◆ **Aim of the exercise**: Could you print the data that follows exactly as given?

◆ **Data shown**:

....

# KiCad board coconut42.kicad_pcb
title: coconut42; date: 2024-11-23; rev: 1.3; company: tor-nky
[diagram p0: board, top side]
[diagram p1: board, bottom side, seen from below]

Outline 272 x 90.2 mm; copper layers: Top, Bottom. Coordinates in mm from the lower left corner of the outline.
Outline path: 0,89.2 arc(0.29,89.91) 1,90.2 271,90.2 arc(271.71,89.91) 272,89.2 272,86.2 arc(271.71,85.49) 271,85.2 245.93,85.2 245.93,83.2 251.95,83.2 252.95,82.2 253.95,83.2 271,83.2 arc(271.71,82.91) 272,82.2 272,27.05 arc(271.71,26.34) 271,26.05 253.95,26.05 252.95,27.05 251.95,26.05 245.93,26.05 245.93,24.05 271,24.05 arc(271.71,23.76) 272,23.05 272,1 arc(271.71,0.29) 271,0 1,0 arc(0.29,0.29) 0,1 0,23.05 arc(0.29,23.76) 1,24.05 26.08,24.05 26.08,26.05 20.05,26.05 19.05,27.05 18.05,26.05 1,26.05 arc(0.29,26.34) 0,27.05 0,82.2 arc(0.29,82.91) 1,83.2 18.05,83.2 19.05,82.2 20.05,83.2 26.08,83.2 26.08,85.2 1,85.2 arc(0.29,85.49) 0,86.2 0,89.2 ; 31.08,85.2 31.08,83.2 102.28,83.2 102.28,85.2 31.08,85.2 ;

....

◆ **Response to the exercise**:
# KiCad board coconut42.kicad_pcb
title: coconut42; date: 2024-11-23; rev: 1.3; company: tor-nky
[diagram p0: board, top side]
[diagram p1: board, bottom side, seen from below]

Outline 272 x 90.2 mm; copper layers: Top, Bottom. Coordinates in mm from the lower left corner of the outline.
Outline path: 0,89.2 arc(0.29,89.91) 1,90.2 271,90.2 arc(271.71,89.91) 272,89.2 272,86.2 arc(271.71,85.49) 271,85.2 245.93,85.2 245.93,83.2 251.95,83.2 252.95,82.2 253.95,83.2 271,83.2 arc(271.71,82.91) 272,82.2 272,27.05 arc(271.71,26.34) 271,26.05 253.95,26.05 252.95,27.05 251.95,26.05 245.93,26.05 245.93,24.05 271,24.05 arc(271.71,23.76) 272,23.05 272,1 arc(271.71,0.29) 271,0 1,0 arc(0.29,0.29) 0,1 0,23.05 arc(0.29,23.76) 1,24.05 26.08,24.05 26.08,26.05 20.05,26.05 19.05,27.05 18.05,26.05 1,26.05 arc(0.29,26.34) 0,27.05 0,82.2 arc(0.29,82.91) 1,83.2 18.05,83.2 19.05,82.2 20.05,83.2 26.08,83.2 26.08,85.2 1,85.2 arc(0.29,85.49) 0,86.2 0,89.2 ; 31.08,85.2 31.08,83.2 102.28,83.2 102.28,85.2 31.08,85.2 ;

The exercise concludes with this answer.